On enforcing publisher disclosures, NAI members got off easy (this time). Under the NAI’s current requirements, a website publisher complies by explaining in their own privacy policy that behavioral targeting is used on their site and providing a link to the NAI opt-out page. The report concluded that many members were not enforcing this requirement, even though confirming publisher compliance is trivial; you can just use Google to check that the right words and the link appear on the publisher’s site. (See a related post on this.)

While the NAI points to publisher confusion about the requirements, the real explanation is that ad networks have been loathe to ask their website-customers to do anything, particularly when it involves revising their privacy policy (i.e. lawyer time). Since the disclosure process can now be automated and the industry has coalesced around specific publisher requirements, the NAI shouldn’t let its members off so easy next year.

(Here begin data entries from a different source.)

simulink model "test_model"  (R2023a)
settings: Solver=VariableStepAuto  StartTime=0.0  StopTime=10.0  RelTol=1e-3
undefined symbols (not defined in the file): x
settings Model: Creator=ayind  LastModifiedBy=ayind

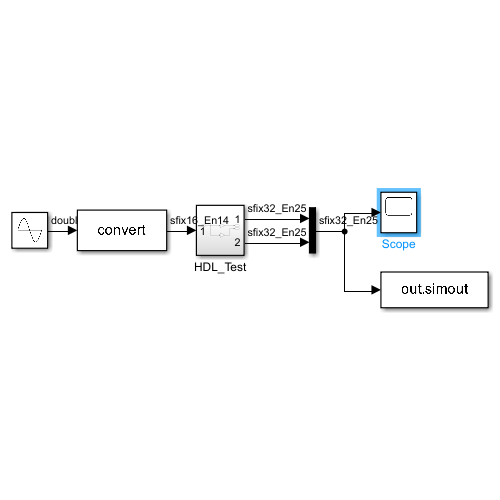
[thumbnail: Simulink's stored preview of the top-level diagram]
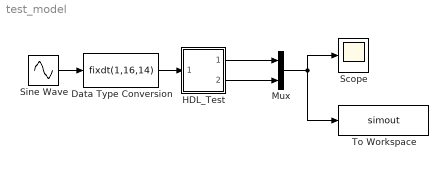
== system test_model ==
  Data Type Conversion : DataTypeConversion  OutDataTypeStr=fixdt(1,16,14)  SaturateOnIntegerOverflow=off  RndMeth=Floor
  HDL_Test : Subsystem
  Mux : Mux  Inputs=2
  Scope : Scope
  Sine Wave : Sin  SampleTime=0
  To Workspace : ToWorkspace  VariableName=simout  SaveFormat=Timeseries  SampleTime=-1
  wires:
  Mux/1 -> To Workspace/1, Scope/1
  Sine Wave/1 -> Data Type Conversion/1
  HDL_Test/1(Out1) -> Mux/1
  HDL_Test/2(Out2) -> Mux/2
  Data Type Conversion/1 -> HDL_Test/1(In1)

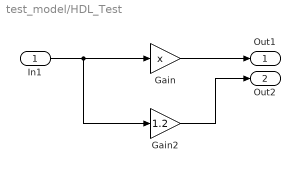
== system test_model/HDL_Test ==
  In1 : Inport
  Gain : Gain  Gain=x  OutDataTypeStr=fixdt(1,32,25)
  Gain2 : Gain  Gain=1.2  OutDataTypeStr=fixdt(1,32,25)
  Out1 : Outport
  Out2 : Outport  Port=2
  wires:
  In1/1 -> Gain2/1, Gain/1
  Gain2/1 -> Out2/1
  Gain/1 -> Out1/1

The NAI report is a reminder of how self-regulation is supposed to work in practice. As a consumer, it’s good to know that each NAI member was required to make formal submissions and be questioned on each element of the NAI’s standards. To see a half dozen networks implement retention policies in time for the report is a substantive sign of progress, even if there are a few laggards.

Even more important, the NAI’s promise to focus on website-level disclosure has the potential to vastly improve industry privacy practices across the board, even beyond the NAI membership. Our research revealed that on most websites NAI members are outnumbered by non-NAI members. Firms with less protective policies and no oversight will continue to track consumers as long as websites allow them to. The prevalence of non-adherent targeting firms is the central challenge to effective self-regulation.

But if the NAI makes publisher disclosure a serious focus in 2010, websites may for the first time start to feel accountable for the ad-network choices they make. That kind of transparency can bring more targeting firms into the NAI fold and squeeze out the rest. The good news for NAI members is that this also means lower-profile competitors will face the same restrictions and costs of doing business as they do.

This leads to me to wonder if the NAI is underrated in its self-regulatory role. While the IAB/DMA/BBB efforts get much attention, they seem focused on an advertiser-driven disclosure framework that assumes ad-network adoption and does little to foster website accountability.

Websites are the real decisionmakers in this ecosystem. Perhaps it will be the NAI’s clout with them that actually makes self-regulation work.